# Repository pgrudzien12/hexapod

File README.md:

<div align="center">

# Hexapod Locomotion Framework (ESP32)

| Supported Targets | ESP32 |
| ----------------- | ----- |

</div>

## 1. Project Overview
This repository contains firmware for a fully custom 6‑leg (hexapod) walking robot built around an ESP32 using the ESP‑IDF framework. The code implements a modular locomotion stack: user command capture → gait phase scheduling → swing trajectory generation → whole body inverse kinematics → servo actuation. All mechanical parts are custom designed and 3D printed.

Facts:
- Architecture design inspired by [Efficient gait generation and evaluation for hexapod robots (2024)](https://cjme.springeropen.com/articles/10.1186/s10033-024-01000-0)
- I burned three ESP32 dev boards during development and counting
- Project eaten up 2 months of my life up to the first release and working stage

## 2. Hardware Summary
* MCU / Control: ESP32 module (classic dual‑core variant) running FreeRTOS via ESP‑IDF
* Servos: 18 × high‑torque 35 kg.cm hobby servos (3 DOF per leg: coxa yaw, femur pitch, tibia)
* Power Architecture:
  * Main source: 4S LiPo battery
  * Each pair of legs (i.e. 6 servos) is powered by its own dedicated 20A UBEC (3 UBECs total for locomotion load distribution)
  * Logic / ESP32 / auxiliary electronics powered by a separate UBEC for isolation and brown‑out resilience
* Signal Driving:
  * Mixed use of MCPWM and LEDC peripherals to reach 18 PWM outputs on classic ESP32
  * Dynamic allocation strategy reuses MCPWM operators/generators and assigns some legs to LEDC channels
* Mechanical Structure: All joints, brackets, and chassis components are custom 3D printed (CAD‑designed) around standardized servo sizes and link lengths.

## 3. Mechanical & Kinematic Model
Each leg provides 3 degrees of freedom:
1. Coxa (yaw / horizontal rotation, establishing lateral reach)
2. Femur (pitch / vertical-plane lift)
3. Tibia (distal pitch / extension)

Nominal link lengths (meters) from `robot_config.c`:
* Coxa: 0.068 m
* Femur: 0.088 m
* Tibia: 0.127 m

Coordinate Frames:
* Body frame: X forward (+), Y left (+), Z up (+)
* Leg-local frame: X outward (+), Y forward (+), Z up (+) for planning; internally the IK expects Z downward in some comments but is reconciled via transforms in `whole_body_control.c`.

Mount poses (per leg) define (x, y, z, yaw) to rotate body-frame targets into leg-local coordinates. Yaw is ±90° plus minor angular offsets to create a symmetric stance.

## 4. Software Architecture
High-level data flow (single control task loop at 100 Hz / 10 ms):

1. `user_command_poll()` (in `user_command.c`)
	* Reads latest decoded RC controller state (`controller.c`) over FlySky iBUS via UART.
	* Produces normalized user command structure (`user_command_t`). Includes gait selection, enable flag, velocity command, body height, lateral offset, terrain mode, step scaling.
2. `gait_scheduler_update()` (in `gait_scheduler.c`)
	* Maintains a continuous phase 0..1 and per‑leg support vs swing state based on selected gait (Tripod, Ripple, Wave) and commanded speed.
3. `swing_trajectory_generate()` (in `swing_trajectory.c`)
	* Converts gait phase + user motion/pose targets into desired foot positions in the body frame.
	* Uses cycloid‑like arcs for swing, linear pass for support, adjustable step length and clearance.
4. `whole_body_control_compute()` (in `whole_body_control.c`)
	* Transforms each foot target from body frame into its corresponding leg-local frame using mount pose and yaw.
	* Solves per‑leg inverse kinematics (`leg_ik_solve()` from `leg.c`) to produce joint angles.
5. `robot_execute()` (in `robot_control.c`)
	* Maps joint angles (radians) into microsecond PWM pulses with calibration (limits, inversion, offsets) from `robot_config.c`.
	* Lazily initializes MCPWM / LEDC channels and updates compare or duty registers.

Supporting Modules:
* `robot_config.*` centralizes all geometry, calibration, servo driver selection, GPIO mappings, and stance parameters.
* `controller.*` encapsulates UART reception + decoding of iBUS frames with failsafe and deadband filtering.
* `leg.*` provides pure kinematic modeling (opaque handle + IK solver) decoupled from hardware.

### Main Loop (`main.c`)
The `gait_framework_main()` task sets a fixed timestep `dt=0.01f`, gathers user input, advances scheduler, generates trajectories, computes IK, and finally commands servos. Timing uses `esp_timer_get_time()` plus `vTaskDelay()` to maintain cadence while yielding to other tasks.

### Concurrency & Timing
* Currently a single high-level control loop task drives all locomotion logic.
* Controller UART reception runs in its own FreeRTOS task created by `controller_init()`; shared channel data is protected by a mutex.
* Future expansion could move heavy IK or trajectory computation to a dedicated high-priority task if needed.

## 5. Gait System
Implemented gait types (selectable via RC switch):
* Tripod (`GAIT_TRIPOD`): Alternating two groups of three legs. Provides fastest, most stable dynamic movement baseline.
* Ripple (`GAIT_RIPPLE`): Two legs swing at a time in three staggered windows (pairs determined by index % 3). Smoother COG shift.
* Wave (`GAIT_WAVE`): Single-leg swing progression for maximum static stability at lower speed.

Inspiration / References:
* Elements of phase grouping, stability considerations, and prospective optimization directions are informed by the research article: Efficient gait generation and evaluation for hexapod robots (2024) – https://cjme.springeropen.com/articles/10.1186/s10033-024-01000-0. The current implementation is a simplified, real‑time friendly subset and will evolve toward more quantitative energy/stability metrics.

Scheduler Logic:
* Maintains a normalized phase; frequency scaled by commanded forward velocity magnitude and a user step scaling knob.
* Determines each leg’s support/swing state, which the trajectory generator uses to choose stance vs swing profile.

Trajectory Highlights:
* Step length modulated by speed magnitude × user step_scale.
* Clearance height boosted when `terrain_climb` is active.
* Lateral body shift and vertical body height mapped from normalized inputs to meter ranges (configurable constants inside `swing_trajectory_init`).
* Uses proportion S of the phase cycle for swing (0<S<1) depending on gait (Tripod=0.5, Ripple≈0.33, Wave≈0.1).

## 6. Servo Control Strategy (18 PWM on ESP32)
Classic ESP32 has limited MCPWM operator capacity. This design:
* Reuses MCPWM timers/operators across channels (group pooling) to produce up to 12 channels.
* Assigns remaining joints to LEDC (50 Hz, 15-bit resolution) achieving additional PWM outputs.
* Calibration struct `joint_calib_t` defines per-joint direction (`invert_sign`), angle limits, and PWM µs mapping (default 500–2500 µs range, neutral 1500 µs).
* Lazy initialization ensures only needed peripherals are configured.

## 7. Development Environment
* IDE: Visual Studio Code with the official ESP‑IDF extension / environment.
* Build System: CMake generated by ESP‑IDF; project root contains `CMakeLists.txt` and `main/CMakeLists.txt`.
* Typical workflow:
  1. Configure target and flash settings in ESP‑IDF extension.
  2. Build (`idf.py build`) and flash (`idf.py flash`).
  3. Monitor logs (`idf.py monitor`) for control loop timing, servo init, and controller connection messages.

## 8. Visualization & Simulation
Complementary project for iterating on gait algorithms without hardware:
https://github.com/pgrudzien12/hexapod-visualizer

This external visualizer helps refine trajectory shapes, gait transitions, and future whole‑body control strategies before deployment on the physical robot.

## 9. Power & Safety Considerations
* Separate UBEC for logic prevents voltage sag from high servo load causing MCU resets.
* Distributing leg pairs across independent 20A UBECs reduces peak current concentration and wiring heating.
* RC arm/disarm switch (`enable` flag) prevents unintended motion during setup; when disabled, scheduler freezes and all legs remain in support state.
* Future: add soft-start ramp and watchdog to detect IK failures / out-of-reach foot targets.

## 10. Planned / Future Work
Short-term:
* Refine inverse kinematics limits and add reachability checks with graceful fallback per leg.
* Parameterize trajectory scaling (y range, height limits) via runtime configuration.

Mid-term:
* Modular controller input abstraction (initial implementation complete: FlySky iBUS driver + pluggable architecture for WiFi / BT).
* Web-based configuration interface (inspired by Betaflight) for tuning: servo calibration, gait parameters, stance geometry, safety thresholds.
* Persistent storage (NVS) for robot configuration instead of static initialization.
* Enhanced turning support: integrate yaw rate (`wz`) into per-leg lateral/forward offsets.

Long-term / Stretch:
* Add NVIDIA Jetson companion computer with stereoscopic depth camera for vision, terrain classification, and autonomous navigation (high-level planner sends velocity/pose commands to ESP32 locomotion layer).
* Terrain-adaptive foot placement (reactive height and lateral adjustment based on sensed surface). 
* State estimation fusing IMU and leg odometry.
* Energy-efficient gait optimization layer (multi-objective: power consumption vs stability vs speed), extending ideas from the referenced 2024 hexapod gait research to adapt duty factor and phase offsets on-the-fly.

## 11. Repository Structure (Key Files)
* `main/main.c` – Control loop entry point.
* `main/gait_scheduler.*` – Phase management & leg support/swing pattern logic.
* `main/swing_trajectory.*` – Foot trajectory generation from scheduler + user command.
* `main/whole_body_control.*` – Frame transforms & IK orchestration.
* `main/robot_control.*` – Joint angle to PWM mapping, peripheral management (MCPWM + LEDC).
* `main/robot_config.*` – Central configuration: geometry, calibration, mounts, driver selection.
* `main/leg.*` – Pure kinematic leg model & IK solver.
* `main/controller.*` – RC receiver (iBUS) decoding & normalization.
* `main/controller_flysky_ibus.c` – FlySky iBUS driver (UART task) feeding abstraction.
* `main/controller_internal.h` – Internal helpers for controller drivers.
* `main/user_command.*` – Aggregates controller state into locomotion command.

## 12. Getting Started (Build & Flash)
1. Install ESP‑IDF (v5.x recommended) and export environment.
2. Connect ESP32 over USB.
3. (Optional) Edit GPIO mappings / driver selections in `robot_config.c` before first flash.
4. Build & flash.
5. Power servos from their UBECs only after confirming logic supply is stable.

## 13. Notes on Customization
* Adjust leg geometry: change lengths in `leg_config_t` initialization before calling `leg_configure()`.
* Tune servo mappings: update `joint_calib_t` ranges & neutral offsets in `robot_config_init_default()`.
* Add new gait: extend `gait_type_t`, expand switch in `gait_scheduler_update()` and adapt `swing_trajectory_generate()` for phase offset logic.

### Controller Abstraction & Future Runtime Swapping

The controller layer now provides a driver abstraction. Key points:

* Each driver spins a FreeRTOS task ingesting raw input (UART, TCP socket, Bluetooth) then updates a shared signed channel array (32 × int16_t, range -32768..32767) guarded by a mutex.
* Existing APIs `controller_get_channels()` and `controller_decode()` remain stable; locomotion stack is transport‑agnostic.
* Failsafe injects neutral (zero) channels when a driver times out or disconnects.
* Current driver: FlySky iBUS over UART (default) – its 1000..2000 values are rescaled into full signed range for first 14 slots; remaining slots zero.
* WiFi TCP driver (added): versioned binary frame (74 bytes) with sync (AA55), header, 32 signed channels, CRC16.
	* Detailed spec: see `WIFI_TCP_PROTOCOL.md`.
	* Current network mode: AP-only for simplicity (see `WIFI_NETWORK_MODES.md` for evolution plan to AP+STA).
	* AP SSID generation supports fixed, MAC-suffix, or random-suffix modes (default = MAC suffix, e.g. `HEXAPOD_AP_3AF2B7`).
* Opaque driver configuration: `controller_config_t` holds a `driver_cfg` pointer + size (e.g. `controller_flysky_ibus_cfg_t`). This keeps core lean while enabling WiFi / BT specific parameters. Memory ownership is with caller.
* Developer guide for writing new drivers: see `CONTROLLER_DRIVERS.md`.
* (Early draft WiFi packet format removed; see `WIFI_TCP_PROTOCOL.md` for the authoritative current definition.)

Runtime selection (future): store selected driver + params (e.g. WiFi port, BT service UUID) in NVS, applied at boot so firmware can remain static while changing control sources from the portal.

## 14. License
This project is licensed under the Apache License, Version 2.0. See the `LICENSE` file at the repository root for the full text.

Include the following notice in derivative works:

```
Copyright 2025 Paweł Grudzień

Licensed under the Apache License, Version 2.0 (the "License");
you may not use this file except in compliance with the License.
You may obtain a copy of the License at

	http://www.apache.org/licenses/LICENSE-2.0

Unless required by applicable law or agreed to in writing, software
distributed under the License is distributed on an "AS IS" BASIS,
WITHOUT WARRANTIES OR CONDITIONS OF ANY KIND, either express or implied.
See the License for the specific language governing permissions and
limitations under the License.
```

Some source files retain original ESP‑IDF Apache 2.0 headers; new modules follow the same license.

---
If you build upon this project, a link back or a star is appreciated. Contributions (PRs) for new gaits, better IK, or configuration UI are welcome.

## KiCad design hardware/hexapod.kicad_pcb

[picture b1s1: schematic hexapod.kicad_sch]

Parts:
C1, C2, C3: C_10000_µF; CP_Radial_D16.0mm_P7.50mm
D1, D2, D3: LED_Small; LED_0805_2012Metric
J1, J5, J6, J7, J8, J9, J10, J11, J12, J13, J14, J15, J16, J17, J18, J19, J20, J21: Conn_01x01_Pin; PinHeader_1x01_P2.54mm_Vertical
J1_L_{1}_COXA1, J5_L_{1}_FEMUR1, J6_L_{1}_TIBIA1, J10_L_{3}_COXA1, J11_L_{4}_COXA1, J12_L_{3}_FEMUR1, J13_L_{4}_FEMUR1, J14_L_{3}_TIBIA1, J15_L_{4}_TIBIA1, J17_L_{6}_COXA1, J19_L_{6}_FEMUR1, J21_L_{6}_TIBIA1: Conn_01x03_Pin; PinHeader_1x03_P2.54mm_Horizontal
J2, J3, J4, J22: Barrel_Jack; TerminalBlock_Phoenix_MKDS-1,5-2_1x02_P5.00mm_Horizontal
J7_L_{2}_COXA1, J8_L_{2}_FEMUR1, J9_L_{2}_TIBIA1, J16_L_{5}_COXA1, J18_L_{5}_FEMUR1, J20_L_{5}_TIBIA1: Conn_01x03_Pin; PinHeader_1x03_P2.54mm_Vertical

........

**Directions for this task**
Using the data above, reproduce exactly the lines between those holding "and link lengths." and "## 4. Software Architecture", inclusive, and no others.

**Answer to this problem**
* Mechanical Structure: All joints, brackets, and chassis components are custom 3D printed (CAD‑designed) around standardized servo sizes and link lengths.

## 3. Mechanical & Kinematic Model
Each leg provides 3 degrees of freedom:
1. Coxa (yaw / horizontal rotation, establishing lateral reach)
2. Femur (pitch / vertical-plane lift)
3. Tibia (distal pitch / extension)

Nominal link lengths (meters) from `robot_config.c`:
* Coxa: 0.068 m
* Femur: 0.088 m
* Tibia: 0.127 m

Coordinate Frames:
* Body frame: X forward (+), Y left (+), Z up (+)
* Leg-local frame: X outward (+), Y forward (+), Z up (+) for planning; internally the IK expects Z downward in some comments but is reconciled via transforms in `whole_body_control.c`.

Mount poses (per leg) define (x, y, z, yaw) to rotate body-frame targets into leg-local coordinates. Yaw is ±90° plus minor angular offsets to create a symmetric stance.

## 4. Software Architecture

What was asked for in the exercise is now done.